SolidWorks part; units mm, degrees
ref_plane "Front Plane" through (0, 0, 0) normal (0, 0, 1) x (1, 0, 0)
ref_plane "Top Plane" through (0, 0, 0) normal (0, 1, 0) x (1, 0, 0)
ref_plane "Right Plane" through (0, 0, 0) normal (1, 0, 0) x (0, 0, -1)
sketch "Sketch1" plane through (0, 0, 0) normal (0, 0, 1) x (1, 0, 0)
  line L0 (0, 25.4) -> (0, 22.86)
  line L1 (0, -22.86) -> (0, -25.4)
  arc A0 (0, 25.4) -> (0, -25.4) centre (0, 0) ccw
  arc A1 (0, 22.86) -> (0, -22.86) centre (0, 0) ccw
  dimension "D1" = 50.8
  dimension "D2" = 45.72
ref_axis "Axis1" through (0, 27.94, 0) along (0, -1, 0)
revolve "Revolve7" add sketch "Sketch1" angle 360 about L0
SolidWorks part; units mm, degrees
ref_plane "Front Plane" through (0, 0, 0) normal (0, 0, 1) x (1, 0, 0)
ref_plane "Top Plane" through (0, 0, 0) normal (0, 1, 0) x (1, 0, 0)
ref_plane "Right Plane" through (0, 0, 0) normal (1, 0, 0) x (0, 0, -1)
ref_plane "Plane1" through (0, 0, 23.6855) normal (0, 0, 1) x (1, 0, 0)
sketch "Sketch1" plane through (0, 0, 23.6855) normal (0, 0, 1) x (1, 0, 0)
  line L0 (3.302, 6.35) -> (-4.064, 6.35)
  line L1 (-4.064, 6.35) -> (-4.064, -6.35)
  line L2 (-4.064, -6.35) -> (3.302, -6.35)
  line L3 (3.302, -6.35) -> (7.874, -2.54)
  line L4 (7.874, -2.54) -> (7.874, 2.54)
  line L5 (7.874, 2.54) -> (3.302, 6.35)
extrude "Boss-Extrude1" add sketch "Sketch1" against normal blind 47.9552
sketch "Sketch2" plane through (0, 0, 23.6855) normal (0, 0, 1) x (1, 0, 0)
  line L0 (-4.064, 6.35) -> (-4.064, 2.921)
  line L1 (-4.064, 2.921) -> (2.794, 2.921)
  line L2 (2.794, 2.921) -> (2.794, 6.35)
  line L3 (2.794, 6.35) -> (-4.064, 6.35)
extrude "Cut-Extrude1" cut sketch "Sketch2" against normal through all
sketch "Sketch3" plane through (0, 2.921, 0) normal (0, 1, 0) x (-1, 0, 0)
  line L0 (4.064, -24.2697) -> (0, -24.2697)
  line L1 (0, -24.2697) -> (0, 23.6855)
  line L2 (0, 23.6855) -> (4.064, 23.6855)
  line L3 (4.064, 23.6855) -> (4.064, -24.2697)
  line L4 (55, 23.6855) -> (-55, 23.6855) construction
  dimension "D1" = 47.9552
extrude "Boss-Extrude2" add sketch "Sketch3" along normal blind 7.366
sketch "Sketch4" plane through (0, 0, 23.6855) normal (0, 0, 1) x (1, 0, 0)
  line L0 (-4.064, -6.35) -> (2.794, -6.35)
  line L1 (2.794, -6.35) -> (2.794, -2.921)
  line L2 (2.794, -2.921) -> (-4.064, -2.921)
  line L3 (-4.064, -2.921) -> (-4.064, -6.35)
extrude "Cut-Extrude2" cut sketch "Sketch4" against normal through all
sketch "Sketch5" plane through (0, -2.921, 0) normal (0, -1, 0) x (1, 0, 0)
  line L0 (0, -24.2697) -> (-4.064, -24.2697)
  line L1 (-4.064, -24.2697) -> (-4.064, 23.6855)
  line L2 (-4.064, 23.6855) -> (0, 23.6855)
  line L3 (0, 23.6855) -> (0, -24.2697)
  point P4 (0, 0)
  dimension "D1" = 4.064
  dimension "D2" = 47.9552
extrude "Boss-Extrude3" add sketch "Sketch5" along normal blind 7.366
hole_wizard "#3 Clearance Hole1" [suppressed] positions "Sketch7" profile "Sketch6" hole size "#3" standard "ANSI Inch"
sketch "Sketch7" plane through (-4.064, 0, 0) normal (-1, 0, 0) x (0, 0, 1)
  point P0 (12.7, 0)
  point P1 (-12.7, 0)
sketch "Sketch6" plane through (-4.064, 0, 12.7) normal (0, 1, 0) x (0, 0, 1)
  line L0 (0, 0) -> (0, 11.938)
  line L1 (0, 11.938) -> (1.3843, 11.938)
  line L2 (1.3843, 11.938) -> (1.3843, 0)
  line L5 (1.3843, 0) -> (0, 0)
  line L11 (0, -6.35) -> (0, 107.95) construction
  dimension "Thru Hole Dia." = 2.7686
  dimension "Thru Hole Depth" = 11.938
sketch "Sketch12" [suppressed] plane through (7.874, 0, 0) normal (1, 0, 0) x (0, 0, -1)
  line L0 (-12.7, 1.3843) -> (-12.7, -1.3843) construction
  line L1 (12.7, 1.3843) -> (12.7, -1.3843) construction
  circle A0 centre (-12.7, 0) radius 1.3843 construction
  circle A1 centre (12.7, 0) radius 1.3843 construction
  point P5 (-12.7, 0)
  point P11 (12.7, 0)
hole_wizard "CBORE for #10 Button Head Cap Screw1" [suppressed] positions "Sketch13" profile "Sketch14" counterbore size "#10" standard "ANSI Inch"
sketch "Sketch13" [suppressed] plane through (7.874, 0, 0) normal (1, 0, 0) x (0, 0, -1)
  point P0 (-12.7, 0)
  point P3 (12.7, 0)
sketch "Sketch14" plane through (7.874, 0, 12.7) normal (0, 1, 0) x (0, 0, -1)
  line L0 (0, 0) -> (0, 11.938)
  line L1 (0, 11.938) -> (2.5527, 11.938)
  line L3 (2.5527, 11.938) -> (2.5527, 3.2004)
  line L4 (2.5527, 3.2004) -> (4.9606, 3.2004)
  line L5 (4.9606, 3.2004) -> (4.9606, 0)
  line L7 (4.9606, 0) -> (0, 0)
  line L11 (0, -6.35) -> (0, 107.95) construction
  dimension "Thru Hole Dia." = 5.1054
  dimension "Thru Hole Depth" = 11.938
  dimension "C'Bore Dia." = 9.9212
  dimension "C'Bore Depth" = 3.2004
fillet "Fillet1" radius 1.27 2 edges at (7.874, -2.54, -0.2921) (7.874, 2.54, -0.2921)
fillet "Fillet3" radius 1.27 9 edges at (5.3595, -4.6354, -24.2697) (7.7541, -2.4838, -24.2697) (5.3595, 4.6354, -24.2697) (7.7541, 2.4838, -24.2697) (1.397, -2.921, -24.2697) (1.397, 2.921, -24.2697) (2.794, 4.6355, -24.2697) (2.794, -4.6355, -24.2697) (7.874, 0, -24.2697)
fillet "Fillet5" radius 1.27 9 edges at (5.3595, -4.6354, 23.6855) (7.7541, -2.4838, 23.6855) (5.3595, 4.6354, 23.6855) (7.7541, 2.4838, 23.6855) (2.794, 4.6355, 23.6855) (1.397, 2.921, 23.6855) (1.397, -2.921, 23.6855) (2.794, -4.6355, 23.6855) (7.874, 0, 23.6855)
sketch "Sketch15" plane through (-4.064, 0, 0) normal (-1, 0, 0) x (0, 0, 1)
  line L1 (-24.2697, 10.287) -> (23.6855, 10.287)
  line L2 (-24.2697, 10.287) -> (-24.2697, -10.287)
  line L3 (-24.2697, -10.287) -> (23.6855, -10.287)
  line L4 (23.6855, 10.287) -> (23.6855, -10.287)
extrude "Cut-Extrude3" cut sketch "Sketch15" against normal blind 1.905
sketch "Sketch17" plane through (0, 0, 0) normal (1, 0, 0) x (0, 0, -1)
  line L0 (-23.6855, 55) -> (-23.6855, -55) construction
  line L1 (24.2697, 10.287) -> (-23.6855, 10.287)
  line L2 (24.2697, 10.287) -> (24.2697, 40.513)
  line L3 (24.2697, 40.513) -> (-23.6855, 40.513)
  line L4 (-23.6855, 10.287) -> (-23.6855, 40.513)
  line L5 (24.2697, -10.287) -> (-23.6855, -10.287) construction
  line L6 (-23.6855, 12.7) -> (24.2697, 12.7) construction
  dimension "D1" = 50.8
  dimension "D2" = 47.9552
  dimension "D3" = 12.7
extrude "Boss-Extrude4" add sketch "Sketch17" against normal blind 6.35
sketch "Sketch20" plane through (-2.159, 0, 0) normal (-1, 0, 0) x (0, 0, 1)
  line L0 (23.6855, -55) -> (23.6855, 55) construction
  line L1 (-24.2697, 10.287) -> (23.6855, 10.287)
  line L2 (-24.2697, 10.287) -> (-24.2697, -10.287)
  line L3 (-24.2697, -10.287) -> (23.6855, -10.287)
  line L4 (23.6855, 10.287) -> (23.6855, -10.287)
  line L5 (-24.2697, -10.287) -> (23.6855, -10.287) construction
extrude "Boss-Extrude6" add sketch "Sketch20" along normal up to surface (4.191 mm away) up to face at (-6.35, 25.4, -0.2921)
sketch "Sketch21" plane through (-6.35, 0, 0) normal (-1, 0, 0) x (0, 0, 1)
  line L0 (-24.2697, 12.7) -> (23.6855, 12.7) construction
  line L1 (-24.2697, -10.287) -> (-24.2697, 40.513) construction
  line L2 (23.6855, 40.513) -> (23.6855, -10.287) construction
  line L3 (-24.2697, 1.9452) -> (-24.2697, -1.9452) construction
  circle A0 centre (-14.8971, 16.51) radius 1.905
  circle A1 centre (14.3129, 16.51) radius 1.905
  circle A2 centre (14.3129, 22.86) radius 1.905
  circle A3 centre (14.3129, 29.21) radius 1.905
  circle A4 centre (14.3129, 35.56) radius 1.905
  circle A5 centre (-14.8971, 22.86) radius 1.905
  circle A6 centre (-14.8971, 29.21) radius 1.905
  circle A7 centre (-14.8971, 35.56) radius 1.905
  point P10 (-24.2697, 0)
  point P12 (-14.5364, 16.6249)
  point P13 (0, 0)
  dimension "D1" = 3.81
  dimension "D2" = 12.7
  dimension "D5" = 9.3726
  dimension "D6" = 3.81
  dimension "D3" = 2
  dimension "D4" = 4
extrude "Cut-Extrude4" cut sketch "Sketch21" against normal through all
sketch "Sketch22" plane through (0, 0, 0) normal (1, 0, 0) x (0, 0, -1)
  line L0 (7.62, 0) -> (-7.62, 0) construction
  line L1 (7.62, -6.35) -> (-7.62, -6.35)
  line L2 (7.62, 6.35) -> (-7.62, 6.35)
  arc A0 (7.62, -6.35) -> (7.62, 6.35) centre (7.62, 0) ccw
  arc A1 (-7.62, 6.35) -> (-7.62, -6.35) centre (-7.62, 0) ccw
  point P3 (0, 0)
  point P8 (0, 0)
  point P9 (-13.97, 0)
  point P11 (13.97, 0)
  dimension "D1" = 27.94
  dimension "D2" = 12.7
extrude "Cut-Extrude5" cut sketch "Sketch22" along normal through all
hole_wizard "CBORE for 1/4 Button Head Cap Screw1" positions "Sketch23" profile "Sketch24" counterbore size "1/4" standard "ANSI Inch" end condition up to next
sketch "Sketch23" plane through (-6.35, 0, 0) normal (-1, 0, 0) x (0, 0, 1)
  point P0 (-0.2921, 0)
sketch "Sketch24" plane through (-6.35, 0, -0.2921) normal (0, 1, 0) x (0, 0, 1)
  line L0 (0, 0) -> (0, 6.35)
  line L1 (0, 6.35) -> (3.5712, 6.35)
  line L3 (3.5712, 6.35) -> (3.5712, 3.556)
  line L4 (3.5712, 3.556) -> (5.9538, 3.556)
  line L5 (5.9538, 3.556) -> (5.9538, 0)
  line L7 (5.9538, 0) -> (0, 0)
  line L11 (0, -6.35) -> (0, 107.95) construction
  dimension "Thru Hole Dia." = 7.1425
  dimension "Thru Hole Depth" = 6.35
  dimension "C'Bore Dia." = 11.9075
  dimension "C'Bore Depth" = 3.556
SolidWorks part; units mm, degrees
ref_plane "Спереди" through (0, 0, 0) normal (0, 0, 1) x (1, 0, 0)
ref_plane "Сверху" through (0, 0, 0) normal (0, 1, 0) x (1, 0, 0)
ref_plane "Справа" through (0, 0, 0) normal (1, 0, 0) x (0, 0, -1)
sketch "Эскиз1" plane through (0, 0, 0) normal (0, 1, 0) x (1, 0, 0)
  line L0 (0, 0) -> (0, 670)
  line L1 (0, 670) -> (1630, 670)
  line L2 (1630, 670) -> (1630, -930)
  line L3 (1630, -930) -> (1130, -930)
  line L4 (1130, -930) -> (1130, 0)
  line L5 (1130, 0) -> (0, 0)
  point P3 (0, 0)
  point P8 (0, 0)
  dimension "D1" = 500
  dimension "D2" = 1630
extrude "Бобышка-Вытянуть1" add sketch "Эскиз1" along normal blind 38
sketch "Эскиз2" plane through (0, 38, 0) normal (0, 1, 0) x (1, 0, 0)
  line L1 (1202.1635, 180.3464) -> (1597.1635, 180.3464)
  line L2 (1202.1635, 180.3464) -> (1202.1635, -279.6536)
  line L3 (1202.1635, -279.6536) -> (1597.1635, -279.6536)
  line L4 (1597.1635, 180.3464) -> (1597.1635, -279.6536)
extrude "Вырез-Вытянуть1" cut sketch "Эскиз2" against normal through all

===

Search the listing above for "Depth" and copy every line that has it.

- EXPECTED ANSWER -
  dimension "Thru Hole Depth" = 11.938
  dimension "Thru Hole Depth" = 11.938
  dimension "C'Bore Depth" = 3.2004
  dimension "Thru Hole Depth" = 6.35
  dimension "C'Bore Depth" = 3.556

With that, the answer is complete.